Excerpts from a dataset
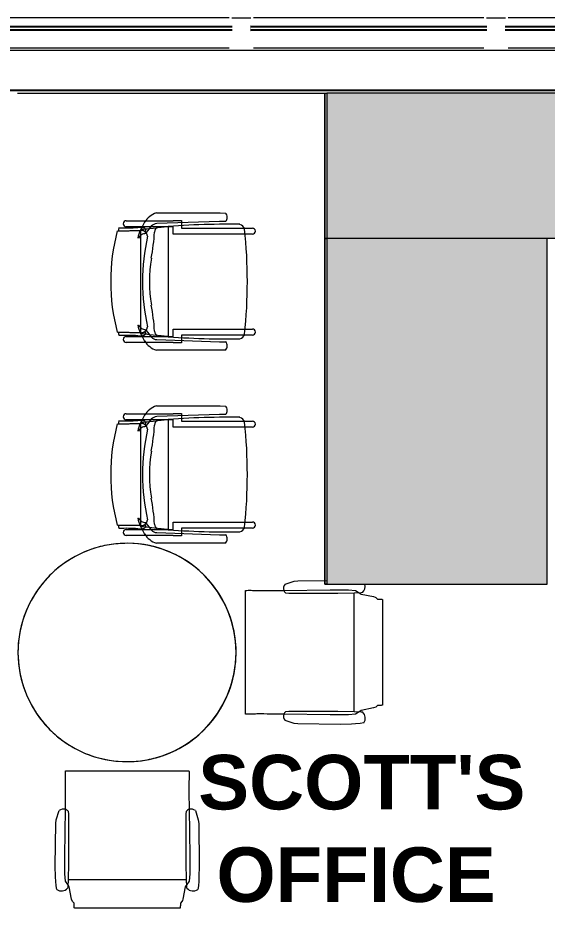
# Model space of a CAD drawing. Header units: inches. Extents: x -1221 to 179, y -822 to 880.
# Drawn here: x -28 to 59.4, y 339.9 to 486.7 of the extents above; entities that cross this region are included whole.
import ezdxf
from ezdxf.xclip import XClip

# ---------------------------------------------------------------- set-up
doc = ezdxf.new("R2010")
doc.units = ezdxf.units.IN
doc.header["$MEASUREMENT"] = 0
doc.header["$XCLIPFRAME"] = 2
doc.linetypes.add('L1$0$2DASHES', pattern=[163.199999, 71.999999, -24, 9.6, -24, 9.6, -24])
doc.layers.add('L1$0$A-Anno-Revs-FinF', color=181, linetype='Continuous')
doc.layers.add('L1$0$GLZ_GLAZING', color=7, linetype='Continuous')
for name, color, linetype, lineweight in [('L1$0$ArchiCAD Windows_Pen_No__4', 4, 'Continuous', 9), ('X1$0$18_0109_REV_dwg _7_', 8, 'Continuous', 9), ('X1$0$A-AREA-IDEN', 2, 'Continuous', 9), ('X1$0$A-DETL', 90, 'Continuous', 9), ('X1$0$A-DETL-GENF', 92, 'Continuous', 9), ('X1$0$A-WALL', 113, 'Continuous', 9), ('X1$0$I-FURN', 30, 'Continuous', 9)]:
    doc.layers.add(name, color=color, linetype=linetype, lineweight=lineweight)
doc.styles.add('X1$0$Swis721 Lt BT_B', font='', dxfattribs={"height": 9})
doc.styles.get('X1$0$Swis721 Lt BT_B').set_extended_font_data('Swis721 Lt BT', bold=True)

# ---------------------------------------------------------------- blocks, each defined once
blk = doc.blocks.new('L1$0$window-fixed')
at = {"layer": 'L1$0$ArchiCAD Windows_Pen_No__4', "linetype": 'L1$0$2DASHES'}
for p, q in [((-6723.6, 3788.31), (-6761.1, 3788.31)), ((-6681.6, 3788.31), (-6719.6, 3788.31)), ((-6640.1, 3788.31), (-6677.6, 3788.31)), ((-6723.6, 3783.31), (-6761.1, 3783.31)), ((-6681.6, 3783.31), (-6719.6, 3783.31)), ((-6640.09, 3783.31), (-6677.6, 3783.31))]:
    blk.add_line(p, q, dxfattribs=at)
at = {"layer": 'L1$0$ArchiCAD Windows_Pen_No__4', "linetype": 'Continuous'}
for p, q in [((-6723.17, 3788.31), (-6721.6, 3788.31)), ((-6721.6, 3788.31), (-6720.02, 3788.31)), ((-6681.17, 3788.31), (-6679.6, 3788.31)), ((-6679.6, 3788.31), (-6678.02, 3788.31))]:
    blk.add_line(p, q, dxfattribs=at)
at = {"layer": 'L1$0$GLZ_GLAZING', "color": 30, "linetype": 'Continuous'}
for p, q in [((-6723.1, 3786.81), (-6761.6, 3786.81)), ((-6761.6, 3786.32), (-6723.1, 3786.31)), ((-6681.1, 3786.81), (-6720.1, 3786.81)), ((-6720.1, 3786.32), (-6681.1, 3786.31)), ((-6639.59, 3786.81), (-6678.1, 3786.81)), ((-6678.1, 3786.32), (-6639.6, 3786.31))]:
    blk.add_line(p, q, dxfattribs=at)
at = {"layer": 'L1$0$GLZ_GLAZING', "color": 30, "linetype": 'Continuous', "const_width": 0.00174}
for points in [[(-6763.6, 3783.31), (-6761.1, 3783.31), (-6761.1, 3786.06), (-6761.6, 3786.06), (-6761.6, 3787.06), (-6761.1, 3787.06), (-6761.1, 3788.31), (-6763.6, 3788.31), (-6763.6, 3787.06), (-6763.6, 3787.06), (-6763.6, 3786.06), (-6763.6, 3786.06)], [(-6719.6, 3783.31), (-6723.6, 3783.31), (-6723.6, 3786.06), (-6723.1, 3786.06), (-6723.1, 3787.06), (-6723.6, 3787.06), (-6723.6, 3788.31), (-6719.6, 3788.31), (-6719.6, 3787.06), (-6720.1, 3787.06), (-6720.1, 3786.06), (-6719.6, 3786.06)], [(-6677.6, 3783.31), (-6681.6, 3783.31), (-6681.6, 3786.06), (-6681.1, 3786.06), (-6681.1, 3787.06), (-6681.6, 3787.06), (-6681.6, 3788.31), (-6677.6, 3788.31), (-6677.6, 3787.06), (-6678.1, 3787.06), (-6678.1, 3786.06), (-6677.6, 3786.06)], [(-6723.1, 3786.06), (-6723.1, 3787.06), (-6761.6, 3787.06), (-6761.6, 3786.07), (-6723.1, 3786.06)], [(-6681.1, 3786.06), (-6681.1, 3787.06), (-6720.1, 3787.06), (-6720.1, 3786.07), (-6681.59, 3786.06)], [(-6639.59, 3786.06), (-6639.59, 3787.06), (-6678.1, 3787.06), (-6678.1, 3786.07), (-6639.59, 3786.06)]]:
    blk.add_lwpolyline(points, close=True, dxfattribs=at)
blk.add_lwpolyline([(-6637.6, 3783.31), (-6637.6, 3788.31), (-6640.1, 3788.31), (-6640.09, 3787.06), (-6639.59, 3787.06), (-6639.59, 3786.06), (-6640.09, 3786.06), (-6640.09, 3783.31), (-6637.6, 3783.31)], dxfattribs=at)
blk = doc.blocks.new('L1')
at = {"layer": 'L1$0$A-Anno-Revs-FinF'}
blk.add_line((-6240.69, 3397.32), (-6411.69, 3397.32), dxfattribs=at)
blk.add_blockref('L1$0$window-fixed', (363.91, -378.99), dxfattribs=at)
blk = doc.blocks.new('X1$0$F-Haworth_Chair_X99-Seminar - X99 Seminar Chair with Glides-V35-FIRST FLOOR POWER _ SIGNAL')
at = {"layer": 'X1$0$I-FURN'}
for p, q in [((-8.82, 9.44), (-8.82, 10.78)), ((-7.83, 10.78), (-7.83, 9.57)), ((7.83, 9.57), (7.83, 10.78)), ((8.82, 10.78), (8.82, 9.44)), ((-8.82, -0.89), (-8.82, 9.44)), ((-7.83, 9.57), (-7.83, -2.27)), ((7.83, -2.27), (7.83, 9.57)), ((8.82, 9.44), (8.82, -0.89)), ((-11.32, 5.48), (-11.3, 6.32)), ((-9.92, 6.36), (-9.92, 5.36)), ((9.92, 5.36), (9.92, 6.36)), ((11.3, 6.32), (11.32, 5.48)), ((-11.32, -5.06), (-11.32, 5.48)), ((-9.92, 5.36), (-9.57, -4.97)), ((9.57, -4.97), (9.92, 5.36)), ((11.32, 5.48), (11.32, -5.06)), ((-10.07, -0.89), (-9.71, -0.89)), ((-10.07, -2.27), (-10.07, -0.89)), ((-9.71, -0.89), (-9.2, -0.89)), ((-9.2, -0.89), (-8.82, -0.89)), ((8.82, -0.89), (9.2, -0.89)), ((9.2, -0.89), (9.71, -0.89)), ((9.71, -0.89), (10.07, -0.89)), ((10.07, -0.89), (10.07, -2.27)), ((-10.04, -2.27), (-10.07, -2.27)), ((-10.04, -4.99), (-10.04, -2.27)), ((-9.04, -2.27), (-9.04, -3.12)), ((-7.83, -2.27), (-9.04, -2.27)), ((9.04, -2.27), (7.83, -2.27)), ((9.04, -3.12), (9.04, -2.27)), ((10.04, -2.27), (10.04, -4.99)), ((10.07, -2.27), (10.04, -2.27)), ((-9.07, -3.12), (9.07, -3.12)), ((-9.07, -3.2), (-9.07, -3.12)), ((-8.9, -4.8), (-9.07, -3.2)), ((-9.04, -3.12), (-9.04, -3.43)), ((-9.04, -3.43), (-9.04, -3.62)), ((-9.04, -3.62), (-9.04, -5.99)), ((9.07, -3.2), (8.9, -4.8)), ((9.04, -3.43), (9.04, -3.12)), ((9.04, -3.62), (9.04, -3.43)), ((9.04, -5.99), (9.04, -3.62)), ((9.07, -3.12), (9.07, -3.2)), ((-10.04, -6.81), (-10.04, -5)), ((-8.88, -4.99), (-8.89, -4.91)), ((-8.75, -6.22), (-8.88, -4.99)), ((8.88, -4.99), (8.75, -6.22)), ((8.89, -4.91), (8.88, -4.99)), ((10.04, -5), (10.04, -6.81)), ((-10.04, -10.02), (-10.04, -6.81)), ((-9.13, -5.92), (-8.07, -6.77)), ((-9.04, -5.99), (-9.04, -7.4)), ((-8.68, -6.87), (-8.75, -6.22)), ((-8.64, -7.21), (-8.68, -6.87)), ((-8.62, -7.42), (-8.64, -7.24)), ((-8.61, -6.81), (-8.23, -6.95)), ((-8.03, -6.81), (-7.95, -6.87)), ((7.95, -6.87), (8.03, -6.81)), ((8.07, -6.77), (9.13, -5.92)), ((8.23, -6.95), (8.61, -6.81)), ((8.64, -7.24), (8.62, -7.42)), ((8.68, -6.87), (8.64, -7.21)), ((8.75, -6.22), (8.68, -6.87)), ((9.04, -7.4), (9.04, -5.99)), ((10.04, -6.81), (10.04, -10.02)), ((-9.04, -7.4), (-9.04, -10.02)), ((-8.6, -7.6), (-8.62, -7.43)), ((-8.49, -7.6), (-8.56, -7.6)), ((-8.42, -7.57), (-8.34, -11.37)), ((-8.34, -11.52), (-8.42, -7.57)), ((-7.65, -7.6), (-8.4, -7.6)), ((7.65, -7.6), (-7.65, -7.6)), ((-7.18, -7.99), (-7.21, -8.13)), ((7.21, -8.13), (7.18, -7.99)), ((8.4, -7.6), (7.65, -7.6)), ((8.34, -11.37), (8.42, -7.57)), ((8.42, -7.57), (8.34, -11.52)), ((8.56, -7.6), (8.49, -7.6)), ((8.62, -7.43), (8.6, -7.6)), ((9.04, -10.02), (9.04, -7.4))]:
    blk.add_line(p, q, dxfattribs=at)
for centre, radius, start, end in [((-8.32, 10.78), 0.495, 0, 180), ((8.32, 10.78), 0.495, 0, 180), ((-8.21, 8.28), 1.31, 110.0433, 159.9567), ((0, -75.01), 84.96, 84.1475, 95.8525), ((8.21, 8.28), 1.31, 20.0433, 69.9567), ((144.06, 7.32), 153.52, 179.4749, 184.5213), ((-144.06, 7.32), 153.52, 355.4787, 0.5251), ((-10.58, 5.68), 0.956, 45.8901, 138.1099), ((10.58, 5.68), 0.956, 41.8901, 134.1099), ((-7.87, -3.92), 3.63, 198.1789, 238.0478), ((-8.18, -4.9), 1.39, 182.8013, 227.1078), ((-8.24, -4.59), 0.763, 194.2338, 275.7662), ((-11.32, -48.08), 42.84, 79.9767, 85.7699), ((11.32, -48.08), 42.84, 94.2301, 100.0233), ((8.24, -4.59), 0.763, 264.2338, 345.7662), ((8.18, -4.9), 1.39, 312.8922, 357.1987), ((7.87, -3.92), 3.63, 301.9522, 341.8211), ((-4.71, 1.15), 9.61, 238.0478, 243.9964), ((-5.2, -7.86), 3.74, 170.0936, 184.0143), ((-8.28, -7.33), 0.613, 122.5427, 170.0936), ((-7.37, -7.55), 1.05, 95.9554, 181.1786), ((-7.37, -7.55), 1.05, 145.2002, 181.1786), ((-6.55, -6.76), 1.38, 185.0878, 212.4248), ((0, 26.49), 33.83, 257.2285, 282.7715), ((0, 15.97), 22.19, 259.9767, 280.0233), ((7.37, -7.55), 1.05, 358.8214, 84.0446), ((6.55, -6.76), 1.38, 327.5752, 354.9122), ((7.37, -7.55), 1.05, 358.8214, 34.7998), ((8.28, -7.33), 0.613, 9.9064, 57.4573), ((5.2, -7.86), 3.74, 355.9857, 9.9064), ((4.71, 1.15), 9.61, 296.0036, 301.9522), ((-36.06, -10.03), 27.2, 357.4882, 4.0143), ((-4.71, 1.15), 9.61, 243.9964, 246.4906), ((-4.71, 1.15), 9.61, 246.6393, 247.073), ((-4.71, 1.15), 9.61, 247.2631, 254.9334), ((-6.55, -6.76), 1.38, 214.0187, 242.9497), ((6.55, -6.76), 1.38, 297.0503, 325.9813), ((4.71, 1.15), 9.61, 285.0666, 292.7369), ((4.71, 1.15), 9.61, 292.927, 293.3607), ((4.71, 1.15), 9.61, 293.5094, 296.0036), ((36.06, -10.03), 27.2, 175.9857, 182.5118), ((-9.54, -10.02), 0.498, 180, 0), ((9.54, -10.02), 0.498, 180, 0), ((0, 20.73), 33.17, 254.4478, 255.4234), ((0, 20.29), 32.89, 255.304, 284.6925), ((0, 20.73), 33.17, 284.5766, 285.5522)]:
    blk.add_arc(centre, radius, start, end, dxfattribs=at)
blk = doc.blocks.new('X1$0$F-Haworth_Chair_X99-Seminar - X99 Seminar Chair with Glides-V36-FIRST FLOOR POWER _ SIGNAL')
at = {"layer": 'X1$0$I-FURN'}
for p, q in [((-8.82, 9.44), (-8.82, 10.78)), ((-7.83, 10.78), (-7.83, 9.57)), ((7.83, 9.57), (7.83, 10.78)), ((8.82, 10.78), (8.82, 9.44)), ((-8.82, -0.89), (-8.82, 9.44)), ((-7.83, 9.57), (-7.83, -2.27)), ((7.83, -2.27), (7.83, 9.57)), ((8.82, 9.44), (8.82, -0.89)), ((-11.32, 5.48), (-11.3, 6.32)), ((-9.92, 6.36), (-9.92, 5.36)), ((9.92, 5.36), (9.92, 6.36)), ((11.3, 6.32), (11.32, 5.48)), ((-11.32, -5.06), (-11.32, 5.48)), ((-9.92, 5.36), (-9.57, -4.97)), ((9.57, -4.97), (9.92, 5.36)), ((11.32, 5.48), (11.32, -5.06)), ((-10.07, -0.89), (-9.71, -0.89)), ((-10.07, -2.27), (-10.07, -0.89)), ((-9.71, -0.89), (-9.2, -0.89)), ((-9.2, -0.89), (-8.82, -0.89)), ((8.82, -0.89), (9.2, -0.89)), ((9.2, -0.89), (9.71, -0.89)), ((9.71, -0.89), (10.07, -0.89)), ((10.07, -0.89), (10.07, -2.27)), ((-10.04, -2.27), (-10.07, -2.27)), ((-10.04, -4.99), (-10.04, -2.27)), ((-9.04, -2.27), (-9.04, -3.12)), ((-7.83, -2.27), (-9.04, -2.27)), ((9.04, -2.27), (7.83, -2.27)), ((9.04, -3.12), (9.04, -2.27)), ((10.04, -2.27), (10.04, -4.99)), ((10.07, -2.27), (10.04, -2.27)), ((-9.07, -3.12), (9.07, -3.12)), ((-9.07, -3.2), (-9.07, -3.12)), ((-8.9, -4.8), (-9.07, -3.2)), ((-9.04, -3.12), (-9.04, -3.43)), ((-9.04, -3.43), (-9.04, -3.62)), ((-9.04, -3.62), (-9.04, -5.99)), ((9.07, -3.2), (8.9, -4.8)), ((9.04, -3.43), (9.04, -3.12)), ((9.04, -3.62), (9.04, -3.43)), ((9.04, -5.99), (9.04, -3.62)), ((9.07, -3.12), (9.07, -3.2)), ((-10.04, -6.81), (-10.04, -5)), ((-8.88, -4.99), (-8.89, -4.91)), ((-8.75, -6.22), (-8.88, -4.99)), ((8.88, -4.99), (8.75, -6.22)), ((8.89, -4.91), (8.88, -4.99)), ((10.04, -5), (10.04, -6.81)), ((-10.04, -10.02), (-10.04, -6.81)), ((-9.13, -5.92), (-8.07, -6.77)), ((-9.04, -5.99), (-9.04, -7.4)), ((-8.68, -6.87), (-8.75, -6.22)), ((-8.64, -7.21), (-8.68, -6.87)), ((-8.62, -7.42), (-8.64, -7.24)), ((-8.61, -6.81), (-8.23, -6.95)), ((-8.03, -6.81), (-7.95, -6.87)), ((7.95, -6.87), (8.03, -6.81)), ((8.07, -6.77), (9.13, -5.92)), ((8.23, -6.95), (8.61, -6.81)), ((8.64, -7.24), (8.62, -7.42)), ((8.68, -6.87), (8.64, -7.21)), ((8.75, -6.22), (8.68, -6.87)), ((9.04, -7.4), (9.04, -5.99)), ((10.04, -6.81), (10.04, -10.02)), ((-9.04, -7.4), (-9.04, -10.02)), ((-8.6, -7.6), (-8.62, -7.43)), ((-8.49, -7.6), (-8.56, -7.6)), ((-8.42, -7.57), (-8.34, -11.37)), ((-8.34, -11.52), (-8.42, -7.57)), ((-7.65, -7.6), (-8.4, -7.6)), ((7.65, -7.6), (-7.65, -7.6)), ((-7.18, -7.99), (-7.21, -8.13)), ((7.21, -8.13), (7.18, -7.99)), ((8.4, -7.6), (7.65, -7.6)), ((8.34, -11.37), (8.42, -7.57)), ((8.42, -7.57), (8.34, -11.52)), ((8.56, -7.6), (8.49, -7.6)), ((8.62, -7.43), (8.6, -7.6)), ((9.04, -10.02), (9.04, -7.4))]:
    blk.add_line(p, q, dxfattribs=at)
for centre, radius, start, end in [((-8.32, 10.78), 0.495, 0, 180), ((8.32, 10.78), 0.495, 0, 180), ((-8.21, 8.28), 1.31, 110.0433, 159.9567), ((0, -75.01), 84.96, 84.1475, 95.8525), ((8.21, 8.28), 1.31, 20.0433, 69.9567), ((144.06, 7.32), 153.52, 179.4749, 184.5213), ((-144.06, 7.32), 153.52, 355.4787, 0.5251), ((-10.58, 5.68), 0.956, 45.8901, 138.1099), ((10.58, 5.68), 0.956, 41.8901, 134.1099), ((-7.87, -3.92), 3.63, 198.1789, 238.0478), ((-8.18, -4.9), 1.39, 182.8013, 227.1078), ((-8.24, -4.59), 0.763, 194.2338, 275.7662), ((-11.32, -48.08), 42.84, 79.9767, 85.7699), ((11.32, -48.08), 42.84, 94.2301, 100.0233), ((8.24, -4.59), 0.763, 264.2338, 345.7662), ((8.18, -4.9), 1.39, 312.8922, 357.1987), ((7.87, -3.92), 3.63, 301.9522, 341.8211), ((-4.71, 1.15), 9.61, 238.0478, 243.9964), ((-5.2, -7.86), 3.74, 170.0936, 184.0143), ((-8.28, -7.33), 0.613, 122.5427, 170.0936), ((-7.37, -7.55), 1.05, 95.9554, 181.1786), ((-7.37, -7.55), 1.05, 145.2002, 181.1786), ((-6.55, -6.76), 1.38, 185.0878, 212.4248), ((0, 26.49), 33.83, 257.2285, 282.7715), ((0, 15.97), 22.19, 259.9767, 280.0233), ((7.37, -7.55), 1.05, 358.8214, 84.0446), ((6.55, -6.76), 1.38, 327.5752, 354.9122), ((7.37, -7.55), 1.05, 358.8214, 34.7998), ((8.28, -7.33), 0.613, 9.9064, 57.4573), ((5.2, -7.86), 3.74, 355.9857, 9.9064), ((4.71, 1.15), 9.61, 296.0036, 301.9522), ((-36.06, -10.03), 27.2, 357.4882, 4.0143), ((-4.71, 1.15), 9.61, 243.9964, 246.4906), ((-4.71, 1.15), 9.61, 246.6393, 247.073), ((-4.71, 1.15), 9.61, 247.2631, 254.9334), ((-6.55, -6.76), 1.38, 214.0187, 242.9497), ((6.55, -6.76), 1.38, 297.0503, 325.9813), ((4.71, 1.15), 9.61, 285.0666, 292.7369), ((4.71, 1.15), 9.61, 292.927, 293.3607), ((4.71, 1.15), 9.61, 293.5094, 296.0036), ((36.06, -10.03), 27.2, 175.9857, 182.5118), ((-9.54, -10.02), 0.498, 180, 0), ((9.54, -10.02), 0.498, 180, 0), ((0, 20.73), 33.17, 254.4478, 255.4234), ((0, 20.29), 32.89, 255.304, 284.6925), ((0, 20.73), 33.17, 284.5766, 285.5522)]:
    blk.add_arc(centre, radius, start, end, dxfattribs=at)
blk = doc.blocks.new('X1$0$Walls 6 - Walls 1-5281403-FIRST FLOOR POWER _ SIGNAL')
at = {"layer": 'X1$0$A-WALL'}
for p, q in [((-630.87, 845.31), (-756.87, 845.31)), ((-756.87, 845.31), (-756.87, 844.31)), ((-630.87, 844.31), (-630.87, 845.31)), ((-620.37, 844.31), (-630.87, 844.31)), ((-620.37, 838.31), (-620.37, 844.31)), ((-756.87, 838.31), (-756.56, 838.31)), ((-751.93, 838.31), (-700.92, 838.31))]:
    blk.add_line(p, q, dxfattribs=at)
blk = doc.blocks.new('X1$0$Desk2 - Desk2-5288902-FIRST FLOOR POWER _ SIGNAL')
at = {"layer": 'X1$0$I-FURN'}
for p, q in [((23.03, 450.31), (22.7, 450.31)), ((22.7, 450.31), (22.7, 393.95)), ((22.7, 393.95), (22.7, 450.31)), ((22.7, 450.31), (23.03, 450.31)), ((22.7, 393.95), (22.7, 393.31)), ((22.7, 393.31), (22.7, 393.95)), ((22.7, 393.31), (23.03, 393.31)), ((23.03, 393.31), (22.7, 393.31))]:
    blk.add_line(p, q, dxfattribs=at)
blk = doc.blocks.new('X1$0$Desk1 - Desk1-5289250-FIRST FLOOR POWER _ SIGNAL')
at = {"layer": 'X1$0$I-FURN'}
for p, q in [((22.7, 474.31), (22.7, 450.31)), ((22.7, 450.31), (22.7, 474.31)), ((22.7, 450.31), (23.03, 450.31)), ((23.03, 450.31), (22.7, 450.31)), ((69.25, 450.31), (59.4, 450.31))]:
    blk.add_line(p, q, dxfattribs=at)
blk = doc.blocks.new('X1$0$F - CONF TABLE _ROUND-4 CHAIRS_ - Lam 30Dia Single-Column Base-V53-FIRST FLOOR POWER _ SIGNAL')
at = {"layer": 'X1$0$I-FURN'}
for p, q in [((-26.82, 38.17), (-26.75, 38.31)), ((-26.75, 38.31), (-26.49, 38.57)), ((-26.44, 39.41), (-9.01, 39.41)), ((-8.95, 38.57), (-8.7, 38.31)), ((-8.7, 38.31), (-8.54, 37.93)), ((-27.3, 35.86), (-26.9, 37.93)), ((-26.9, 37.93), (-26.82, 38.17)), ((-8.54, 37.93), (-8.14, 35.86)), ((-27.93, 34.93), (-27.53, 35.53)), ((-27.57, 36.09), (-27.55, 35.86)), ((-27.55, 35.86), (-27.48, 34.7)), ((-27.53, 35.53), (-27.3, 35.86)), ((-8.14, 35.86), (-7.91, 35.53)), ((-7.96, 34.7), (-7.89, 35.86)), ((-7.91, 35.53), (-7.51, 34.93)), ((-7.89, 35.86), (-7.88, 36.09)), ((-6.1, 36.31), (-5.99, 35.7)), ((-5.99, 35.7), (-5.92, 34.93)), ((-28.03, 33.77), (-27.93, 34.93)), ((-28.03, 30.77), (-28.03, 33.77)), ((-27.48, 34.7), (-27.44, 32.02)), ((-7.96, 34.7), (-27.48, 34.7)), ((-8, 32.02), (-7.96, 34.7)), ((-7.51, 34.93), (-7.41, 33.77)), ((-7.41, 33.77), (-7.41, 30.77)), ((-5.92, 34.93), (-5.89, 34.28)), ((-5.89, 34.28), (-5.84, 32.42)), ((-5.84, 32.42), (-5.93, 25.42)), ((-27.44, 32.02), (-27.44, 23.93)), ((-8, 23.93), (-8, 32.02)), ((-29.51, 25.42), (-29.57, 30.21)), ((-27.93, 23.1), (-28.03, 30.77)), ((-7.41, 30.77), (-7.52, 23.1)), ((-29.45, 24.83), (-29.51, 25.42)), ((-5.93, 25.42), (-6, 24.83)), ((-28.96, 23.33), (-29.45, 24.83)), ((-27.44, 23.93), (-27.49, 23.43)), ((-7.95, 23.43), (-8, 23.93)), ((-6, 24.83), (-6.49, 23.33)), ((-7.55, 16.78), (-27.89, 16.78)), ((8.39, 8.52), (9.89, 9.01)), ((9.89, 9.01), (10.49, 9.07)), ((10.49, 9.07), (17.49, 9.17)), ((17.49, 9.17), (19.35, 9.12)), ((19.35, 9.12), (19.99, 9.09)), ((19.99, 9.09), (20.76, 9.02)), ((20.76, 9.02), (21.37, 8.91)), ((1.84, -12.89), (1.84, 7.45)), ((8.17, 7.49), (15.83, 7.6)), ((15.83, 7.6), (18.83, 7.6)), ((18.83, 7.6), (20, 7.49)), ((20, 7.49), (20.59, 7.09)), ((8.99, 7), (8.5, 7.06)), ((17.08, 7), (8.99, 7)), ((19.76, 7.04), (17.08, 7)), ((20.93, 7.11), (19.76, 7.04)), ((19.76, -12.48), (19.76, 7.04)), ((20.59, 7.09), (20.93, 6.86)), ((21.15, 7.13), (20.93, 7.11)), ((20.93, 6.86), (22.99, 6.46)), ((22.99, 6.46), (23.23, 6.38)), ((23.23, 6.38), (23.37, 6.31)), ((23.37, 6.31), (23.63, 6.05)), ((24.48, 6), (24.48, -11.43)), ((23.37, -11.74), (22.99, -11.89)), ((23.63, -11.49), (23.37, -11.74)), ((15.83, -13.03), (8.17, -12.92)), ((8.5, -12.49), (8.99, -12.43)), ((8.99, -12.43), (17.08, -12.43)), ((18.83, -13.03), (15.83, -13.03)), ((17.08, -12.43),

Work to complete
Go through the entries above and report each line with the string "ezdxf" in it.

Finished task
import ezdxf
from ezdxf.xclip import XClip
doc = ezdxf.new("R2010")
doc.units = ezdxf.units.IN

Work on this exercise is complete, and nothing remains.